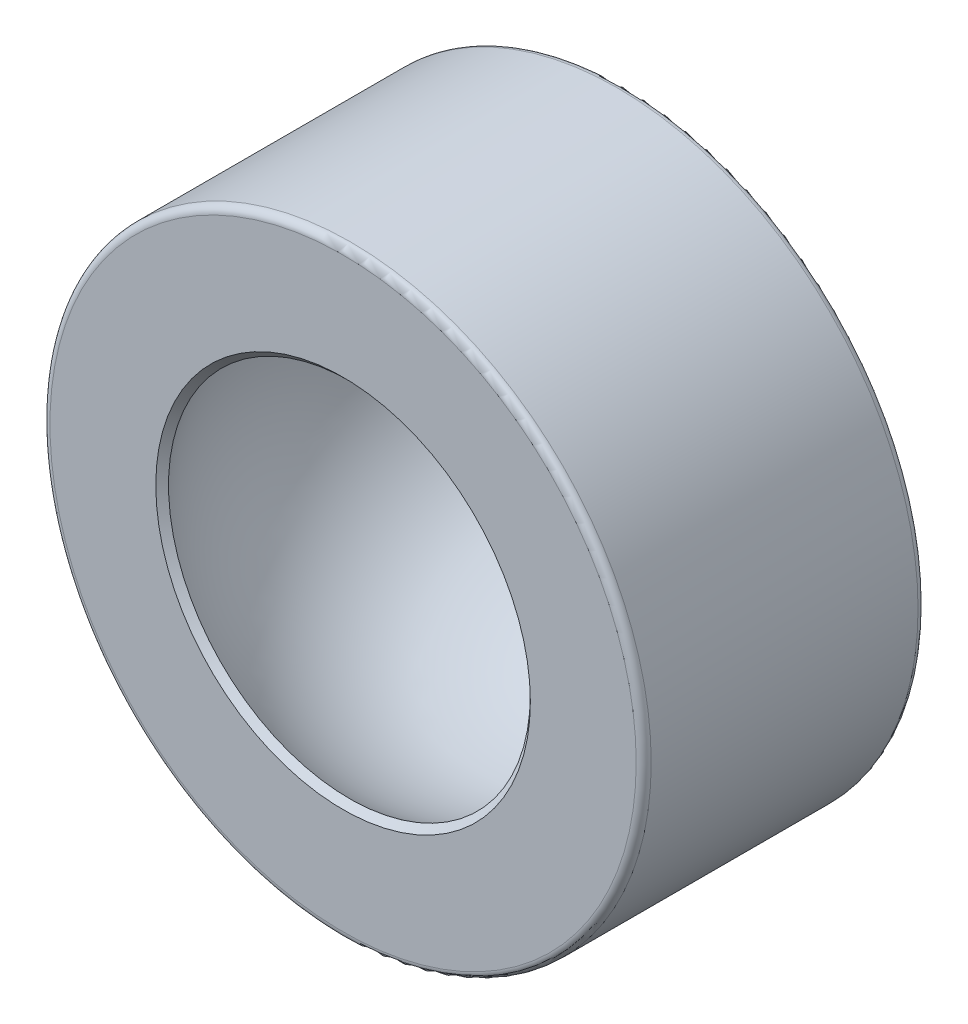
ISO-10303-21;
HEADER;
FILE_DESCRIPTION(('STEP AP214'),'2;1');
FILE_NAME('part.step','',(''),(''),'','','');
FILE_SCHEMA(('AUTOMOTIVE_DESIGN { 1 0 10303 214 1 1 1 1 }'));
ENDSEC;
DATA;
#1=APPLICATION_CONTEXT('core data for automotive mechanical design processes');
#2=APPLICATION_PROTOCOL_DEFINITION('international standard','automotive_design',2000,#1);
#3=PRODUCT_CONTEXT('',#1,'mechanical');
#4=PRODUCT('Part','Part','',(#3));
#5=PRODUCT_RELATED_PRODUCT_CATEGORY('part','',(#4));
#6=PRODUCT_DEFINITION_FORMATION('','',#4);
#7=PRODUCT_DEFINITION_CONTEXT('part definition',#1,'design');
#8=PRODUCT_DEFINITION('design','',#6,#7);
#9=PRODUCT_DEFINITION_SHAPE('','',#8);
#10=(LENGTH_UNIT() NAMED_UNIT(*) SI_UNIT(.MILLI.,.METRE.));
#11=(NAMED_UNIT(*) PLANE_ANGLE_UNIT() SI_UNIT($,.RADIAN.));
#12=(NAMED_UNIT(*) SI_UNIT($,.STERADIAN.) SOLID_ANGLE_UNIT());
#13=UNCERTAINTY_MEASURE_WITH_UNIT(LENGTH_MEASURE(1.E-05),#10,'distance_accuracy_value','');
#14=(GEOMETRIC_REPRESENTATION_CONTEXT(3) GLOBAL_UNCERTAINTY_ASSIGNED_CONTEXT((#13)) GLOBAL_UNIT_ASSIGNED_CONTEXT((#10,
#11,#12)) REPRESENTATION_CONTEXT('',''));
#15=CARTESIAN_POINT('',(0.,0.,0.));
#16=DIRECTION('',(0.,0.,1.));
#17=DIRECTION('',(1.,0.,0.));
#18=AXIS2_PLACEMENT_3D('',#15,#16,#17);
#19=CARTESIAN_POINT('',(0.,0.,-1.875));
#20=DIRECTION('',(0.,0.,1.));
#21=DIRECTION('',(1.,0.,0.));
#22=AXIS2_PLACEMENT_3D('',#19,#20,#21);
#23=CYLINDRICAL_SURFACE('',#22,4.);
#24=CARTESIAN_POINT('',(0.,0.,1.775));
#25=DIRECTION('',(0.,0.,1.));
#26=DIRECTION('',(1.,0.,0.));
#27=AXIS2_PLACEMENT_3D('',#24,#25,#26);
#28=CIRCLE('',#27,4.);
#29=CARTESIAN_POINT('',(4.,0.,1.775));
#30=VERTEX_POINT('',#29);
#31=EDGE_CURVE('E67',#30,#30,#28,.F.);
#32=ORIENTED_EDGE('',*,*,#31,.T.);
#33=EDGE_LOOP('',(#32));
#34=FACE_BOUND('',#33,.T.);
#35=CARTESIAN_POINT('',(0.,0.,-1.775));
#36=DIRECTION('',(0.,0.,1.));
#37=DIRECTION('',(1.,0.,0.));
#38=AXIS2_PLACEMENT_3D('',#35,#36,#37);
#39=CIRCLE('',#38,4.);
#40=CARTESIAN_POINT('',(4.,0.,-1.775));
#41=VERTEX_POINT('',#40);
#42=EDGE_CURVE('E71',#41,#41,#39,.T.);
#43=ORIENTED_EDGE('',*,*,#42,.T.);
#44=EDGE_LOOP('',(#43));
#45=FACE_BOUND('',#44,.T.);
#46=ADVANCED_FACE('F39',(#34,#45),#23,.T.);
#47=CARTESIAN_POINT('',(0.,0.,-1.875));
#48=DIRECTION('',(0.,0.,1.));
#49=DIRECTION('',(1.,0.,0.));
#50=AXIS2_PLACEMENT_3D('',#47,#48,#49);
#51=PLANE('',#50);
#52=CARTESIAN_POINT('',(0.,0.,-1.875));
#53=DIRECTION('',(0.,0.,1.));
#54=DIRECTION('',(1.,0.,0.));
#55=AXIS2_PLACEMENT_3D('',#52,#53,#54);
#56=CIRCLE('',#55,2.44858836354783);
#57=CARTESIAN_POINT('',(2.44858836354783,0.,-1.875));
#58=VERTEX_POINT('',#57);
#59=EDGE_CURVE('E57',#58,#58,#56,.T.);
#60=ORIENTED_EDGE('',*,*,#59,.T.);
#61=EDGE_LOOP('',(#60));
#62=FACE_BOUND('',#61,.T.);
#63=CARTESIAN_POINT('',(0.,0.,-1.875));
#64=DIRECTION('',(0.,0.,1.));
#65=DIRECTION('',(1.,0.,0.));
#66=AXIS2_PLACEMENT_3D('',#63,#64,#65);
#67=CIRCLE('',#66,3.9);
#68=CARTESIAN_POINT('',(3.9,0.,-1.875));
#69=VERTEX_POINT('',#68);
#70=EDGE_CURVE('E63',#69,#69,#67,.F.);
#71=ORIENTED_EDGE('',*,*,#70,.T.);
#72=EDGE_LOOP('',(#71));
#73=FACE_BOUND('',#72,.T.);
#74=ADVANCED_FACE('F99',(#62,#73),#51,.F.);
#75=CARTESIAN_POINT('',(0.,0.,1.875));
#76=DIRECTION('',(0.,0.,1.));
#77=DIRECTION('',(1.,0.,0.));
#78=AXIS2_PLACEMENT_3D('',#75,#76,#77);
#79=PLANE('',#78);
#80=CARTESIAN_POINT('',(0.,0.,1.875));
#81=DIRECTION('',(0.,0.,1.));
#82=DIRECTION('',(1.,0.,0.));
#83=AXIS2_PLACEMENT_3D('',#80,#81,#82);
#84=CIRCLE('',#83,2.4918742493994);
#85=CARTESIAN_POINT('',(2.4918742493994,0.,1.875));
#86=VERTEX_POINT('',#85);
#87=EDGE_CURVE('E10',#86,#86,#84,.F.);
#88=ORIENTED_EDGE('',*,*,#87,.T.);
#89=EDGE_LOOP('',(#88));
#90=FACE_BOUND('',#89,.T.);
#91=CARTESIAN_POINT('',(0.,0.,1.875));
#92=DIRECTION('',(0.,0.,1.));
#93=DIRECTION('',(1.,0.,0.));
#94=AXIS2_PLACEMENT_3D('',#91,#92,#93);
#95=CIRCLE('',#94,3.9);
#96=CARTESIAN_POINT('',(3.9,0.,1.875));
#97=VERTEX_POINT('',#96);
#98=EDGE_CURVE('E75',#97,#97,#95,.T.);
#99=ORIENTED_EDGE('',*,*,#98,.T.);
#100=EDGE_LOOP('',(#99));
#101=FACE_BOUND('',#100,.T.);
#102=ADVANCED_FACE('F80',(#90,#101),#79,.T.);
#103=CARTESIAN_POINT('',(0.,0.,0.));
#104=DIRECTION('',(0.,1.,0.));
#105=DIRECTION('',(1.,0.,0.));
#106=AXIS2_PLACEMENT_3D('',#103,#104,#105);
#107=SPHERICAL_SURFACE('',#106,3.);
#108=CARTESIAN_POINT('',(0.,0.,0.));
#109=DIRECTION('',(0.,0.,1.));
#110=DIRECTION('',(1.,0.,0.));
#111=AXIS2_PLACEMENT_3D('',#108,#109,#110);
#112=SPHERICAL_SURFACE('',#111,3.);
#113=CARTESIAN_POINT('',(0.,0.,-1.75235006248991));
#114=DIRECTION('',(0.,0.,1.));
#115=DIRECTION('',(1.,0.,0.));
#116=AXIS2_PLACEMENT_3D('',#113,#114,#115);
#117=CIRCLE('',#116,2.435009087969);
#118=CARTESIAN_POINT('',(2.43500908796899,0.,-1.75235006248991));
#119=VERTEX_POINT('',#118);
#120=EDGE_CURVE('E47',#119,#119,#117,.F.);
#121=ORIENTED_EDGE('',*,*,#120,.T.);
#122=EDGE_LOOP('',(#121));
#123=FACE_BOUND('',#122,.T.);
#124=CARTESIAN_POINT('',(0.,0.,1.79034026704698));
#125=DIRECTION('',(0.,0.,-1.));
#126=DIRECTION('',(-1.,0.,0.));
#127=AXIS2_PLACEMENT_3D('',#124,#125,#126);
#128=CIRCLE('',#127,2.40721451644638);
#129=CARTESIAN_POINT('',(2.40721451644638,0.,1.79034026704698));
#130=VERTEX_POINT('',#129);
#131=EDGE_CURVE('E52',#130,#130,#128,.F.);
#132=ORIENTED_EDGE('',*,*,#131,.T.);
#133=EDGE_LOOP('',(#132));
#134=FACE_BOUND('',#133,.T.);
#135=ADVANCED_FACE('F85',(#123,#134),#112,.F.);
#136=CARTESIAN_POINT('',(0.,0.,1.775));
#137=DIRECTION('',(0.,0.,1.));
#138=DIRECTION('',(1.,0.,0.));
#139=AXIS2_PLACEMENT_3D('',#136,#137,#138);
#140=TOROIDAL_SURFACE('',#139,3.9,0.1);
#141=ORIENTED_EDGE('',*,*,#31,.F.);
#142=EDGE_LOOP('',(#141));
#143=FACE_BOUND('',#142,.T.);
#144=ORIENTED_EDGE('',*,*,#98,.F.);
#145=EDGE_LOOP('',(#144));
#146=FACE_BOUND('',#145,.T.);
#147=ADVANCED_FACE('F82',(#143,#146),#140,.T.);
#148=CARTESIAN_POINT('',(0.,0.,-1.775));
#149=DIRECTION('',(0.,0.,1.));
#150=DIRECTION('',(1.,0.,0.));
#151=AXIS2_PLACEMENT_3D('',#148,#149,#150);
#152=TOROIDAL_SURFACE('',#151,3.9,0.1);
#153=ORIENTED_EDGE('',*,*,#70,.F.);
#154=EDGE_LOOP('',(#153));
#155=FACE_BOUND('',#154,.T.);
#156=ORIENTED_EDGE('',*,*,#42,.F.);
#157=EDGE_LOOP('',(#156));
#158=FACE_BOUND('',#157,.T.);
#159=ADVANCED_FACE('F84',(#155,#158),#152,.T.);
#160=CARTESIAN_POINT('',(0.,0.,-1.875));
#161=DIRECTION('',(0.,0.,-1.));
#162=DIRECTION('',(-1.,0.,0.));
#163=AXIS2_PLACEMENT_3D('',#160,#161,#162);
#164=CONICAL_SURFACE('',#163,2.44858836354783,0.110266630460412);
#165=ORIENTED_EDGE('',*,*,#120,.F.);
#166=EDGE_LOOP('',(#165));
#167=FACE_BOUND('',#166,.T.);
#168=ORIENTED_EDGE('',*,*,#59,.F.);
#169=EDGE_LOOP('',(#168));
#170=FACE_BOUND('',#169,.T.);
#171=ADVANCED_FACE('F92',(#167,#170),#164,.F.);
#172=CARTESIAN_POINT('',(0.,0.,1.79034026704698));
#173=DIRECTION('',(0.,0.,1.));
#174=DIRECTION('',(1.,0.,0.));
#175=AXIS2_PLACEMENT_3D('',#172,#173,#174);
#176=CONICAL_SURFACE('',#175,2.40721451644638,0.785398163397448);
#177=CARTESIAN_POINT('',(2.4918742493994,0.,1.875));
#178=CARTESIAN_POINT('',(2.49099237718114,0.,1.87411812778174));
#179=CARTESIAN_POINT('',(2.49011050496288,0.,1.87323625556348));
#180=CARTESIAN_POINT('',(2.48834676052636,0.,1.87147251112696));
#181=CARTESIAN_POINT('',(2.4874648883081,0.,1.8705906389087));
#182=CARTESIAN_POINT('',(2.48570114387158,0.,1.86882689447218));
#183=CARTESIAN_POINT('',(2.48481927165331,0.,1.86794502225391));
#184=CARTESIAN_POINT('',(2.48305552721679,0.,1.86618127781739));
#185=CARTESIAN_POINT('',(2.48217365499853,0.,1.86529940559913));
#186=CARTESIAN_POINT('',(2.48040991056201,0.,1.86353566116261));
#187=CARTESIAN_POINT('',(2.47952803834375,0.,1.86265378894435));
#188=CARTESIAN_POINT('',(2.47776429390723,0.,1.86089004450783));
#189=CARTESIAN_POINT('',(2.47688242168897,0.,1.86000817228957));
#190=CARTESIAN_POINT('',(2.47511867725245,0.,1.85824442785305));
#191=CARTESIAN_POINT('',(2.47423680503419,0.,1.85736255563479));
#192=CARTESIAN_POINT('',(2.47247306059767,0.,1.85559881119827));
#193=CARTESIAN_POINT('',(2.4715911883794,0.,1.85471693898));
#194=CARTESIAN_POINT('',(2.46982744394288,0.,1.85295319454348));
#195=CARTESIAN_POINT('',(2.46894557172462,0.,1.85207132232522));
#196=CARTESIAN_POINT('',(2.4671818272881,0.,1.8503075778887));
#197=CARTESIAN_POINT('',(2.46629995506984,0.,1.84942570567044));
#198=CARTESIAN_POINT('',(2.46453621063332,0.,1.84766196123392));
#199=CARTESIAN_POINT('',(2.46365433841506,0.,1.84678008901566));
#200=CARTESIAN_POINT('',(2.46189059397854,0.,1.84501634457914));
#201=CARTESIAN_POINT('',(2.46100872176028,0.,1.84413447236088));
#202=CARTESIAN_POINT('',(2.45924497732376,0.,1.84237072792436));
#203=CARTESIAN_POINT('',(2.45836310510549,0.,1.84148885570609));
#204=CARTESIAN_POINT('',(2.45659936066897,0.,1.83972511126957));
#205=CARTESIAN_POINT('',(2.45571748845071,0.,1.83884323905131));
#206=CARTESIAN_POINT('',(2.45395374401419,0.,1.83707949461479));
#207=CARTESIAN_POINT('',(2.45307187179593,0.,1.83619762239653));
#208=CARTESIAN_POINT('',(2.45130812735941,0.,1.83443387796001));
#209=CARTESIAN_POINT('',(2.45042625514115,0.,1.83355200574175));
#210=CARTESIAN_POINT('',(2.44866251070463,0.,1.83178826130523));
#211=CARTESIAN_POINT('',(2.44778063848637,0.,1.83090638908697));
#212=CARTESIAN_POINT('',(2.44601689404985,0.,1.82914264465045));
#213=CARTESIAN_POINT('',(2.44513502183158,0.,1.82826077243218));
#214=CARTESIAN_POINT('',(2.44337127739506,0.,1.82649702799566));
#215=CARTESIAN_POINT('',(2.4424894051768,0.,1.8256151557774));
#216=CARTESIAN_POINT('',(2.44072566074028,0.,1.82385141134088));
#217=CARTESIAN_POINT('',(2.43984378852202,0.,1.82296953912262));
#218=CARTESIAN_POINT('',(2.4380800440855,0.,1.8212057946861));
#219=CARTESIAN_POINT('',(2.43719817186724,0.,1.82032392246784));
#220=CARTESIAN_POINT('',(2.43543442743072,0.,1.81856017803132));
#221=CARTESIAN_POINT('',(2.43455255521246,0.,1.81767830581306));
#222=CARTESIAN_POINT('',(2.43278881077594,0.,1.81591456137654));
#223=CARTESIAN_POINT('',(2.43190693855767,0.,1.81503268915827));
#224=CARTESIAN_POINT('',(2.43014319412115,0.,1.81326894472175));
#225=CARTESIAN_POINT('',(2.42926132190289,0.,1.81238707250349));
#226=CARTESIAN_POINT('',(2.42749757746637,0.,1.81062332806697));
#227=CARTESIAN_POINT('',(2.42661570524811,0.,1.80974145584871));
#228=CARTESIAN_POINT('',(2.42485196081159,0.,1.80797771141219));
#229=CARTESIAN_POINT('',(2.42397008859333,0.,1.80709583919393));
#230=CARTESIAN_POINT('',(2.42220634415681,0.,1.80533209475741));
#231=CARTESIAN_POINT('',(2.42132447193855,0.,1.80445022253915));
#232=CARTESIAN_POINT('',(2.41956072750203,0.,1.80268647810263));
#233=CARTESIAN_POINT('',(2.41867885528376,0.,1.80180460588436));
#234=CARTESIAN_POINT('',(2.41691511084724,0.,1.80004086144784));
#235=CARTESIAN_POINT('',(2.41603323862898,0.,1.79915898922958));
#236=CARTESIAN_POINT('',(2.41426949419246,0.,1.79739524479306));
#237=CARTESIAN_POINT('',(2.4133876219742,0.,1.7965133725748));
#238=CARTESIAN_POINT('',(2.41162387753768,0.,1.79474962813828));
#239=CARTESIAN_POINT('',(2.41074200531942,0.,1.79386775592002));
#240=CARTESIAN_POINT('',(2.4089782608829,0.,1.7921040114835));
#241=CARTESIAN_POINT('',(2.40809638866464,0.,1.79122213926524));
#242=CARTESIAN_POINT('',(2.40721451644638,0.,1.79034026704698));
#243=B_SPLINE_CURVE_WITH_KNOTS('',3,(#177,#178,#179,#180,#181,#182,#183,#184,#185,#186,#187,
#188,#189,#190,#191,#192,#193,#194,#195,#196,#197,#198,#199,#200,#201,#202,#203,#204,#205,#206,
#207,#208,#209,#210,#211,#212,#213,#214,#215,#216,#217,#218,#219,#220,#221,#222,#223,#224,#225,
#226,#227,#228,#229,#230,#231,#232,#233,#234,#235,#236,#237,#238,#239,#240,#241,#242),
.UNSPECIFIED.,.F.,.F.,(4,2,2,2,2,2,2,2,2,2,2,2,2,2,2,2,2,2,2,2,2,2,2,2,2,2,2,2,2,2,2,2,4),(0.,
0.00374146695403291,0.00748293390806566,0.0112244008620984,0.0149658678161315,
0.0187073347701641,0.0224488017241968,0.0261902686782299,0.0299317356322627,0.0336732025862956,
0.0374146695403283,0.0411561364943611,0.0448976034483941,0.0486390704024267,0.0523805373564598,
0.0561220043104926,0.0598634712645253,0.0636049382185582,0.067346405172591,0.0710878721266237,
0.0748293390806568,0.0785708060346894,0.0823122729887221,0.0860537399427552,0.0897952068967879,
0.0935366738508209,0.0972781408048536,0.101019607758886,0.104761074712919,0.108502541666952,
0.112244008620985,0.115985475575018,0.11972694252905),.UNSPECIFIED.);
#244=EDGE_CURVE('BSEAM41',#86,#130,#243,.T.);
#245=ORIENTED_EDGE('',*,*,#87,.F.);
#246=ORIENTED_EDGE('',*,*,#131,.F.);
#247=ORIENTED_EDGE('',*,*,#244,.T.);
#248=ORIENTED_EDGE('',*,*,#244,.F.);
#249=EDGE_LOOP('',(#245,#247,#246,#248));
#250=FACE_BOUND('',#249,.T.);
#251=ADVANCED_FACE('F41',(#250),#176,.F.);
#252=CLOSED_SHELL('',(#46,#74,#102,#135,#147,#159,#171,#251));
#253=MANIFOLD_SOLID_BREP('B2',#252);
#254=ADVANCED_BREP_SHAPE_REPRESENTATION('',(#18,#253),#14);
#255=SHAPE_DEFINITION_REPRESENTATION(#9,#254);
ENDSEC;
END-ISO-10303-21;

-*-*-

■ **Prompt**:
Give exactly those lines of the listing that run from its first line through the line with "#20=DIRECTION('',(0.,0.,1.));", leaving each picture out.

■ **Written solution**:
ISO-10303-21;
HEADER;
FILE_DESCRIPTION(('STEP AP214'),'2;1');
FILE_NAME('part.step','',(''),(''),'','','');
FILE_SCHEMA(('AUTOMOTIVE_DESIGN { 1 0 10303 214 1 1 1 1 }'));
ENDSEC;
DATA;
#1=APPLICATION_CONTEXT('core data for automotive mechanical design processes');
#2=APPLICATION_PROTOCOL_DEFINITION('international standard','automotive_design',2000,#1);
#3=PRODUCT_CONTEXT('',#1,'mechanical');
#4=PRODUCT('Part','Part','',(#3));
#5=PRODUCT_RELATED_PRODUCT_CATEGORY('part','',(#4));
#6=PRODUCT_DEFINITION_FORMATION('','',#4);
#7=PRODUCT_DEFINITION_CONTEXT('part definition',#1,'design');
#8=PRODUCT_DEFINITION('design','',#6,#7);
#9=PRODUCT_DEFINITION_SHAPE('','',#8);
#10=(LENGTH_UNIT() NAMED_UNIT(*) SI_UNIT(.MILLI.,.METRE.));
#11=(NAMED_UNIT(*) PLANE_ANGLE_UNIT() SI_UNIT($,.RADIAN.));
#12=(NAMED_UNIT(*) SI_UNIT($,.STERADIAN.) SOLID_ANGLE_UNIT());
#13=UNCERTAINTY_MEASURE_WITH_UNIT(LENGTH_MEASURE(1.E-05),#10,'distance_accuracy_value','');
#14=(GEOMETRIC_REPRESENTATION_CONTEXT(3) GLOBAL_UNCERTAINTY_ASSIGNED_CONTEXT((#13)) GLOBAL_UNIT_ASSIGNED_CONTEXT((#10,
#11,#12)) REPRESENTATION_CONTEXT('',''));
#15=CARTESIAN_POINT('',(0.,0.,0.));
#16=DIRECTION('',(0.,0.,1.));
#17=DIRECTION('',(1.,0.,0.));
#18=AXIS2_PLACEMENT_3D('',#15,#16,#17);
#19=CARTESIAN_POINT('',(0.,0.,-1.875));
#20=DIRECTION('',(0.,0.,1.));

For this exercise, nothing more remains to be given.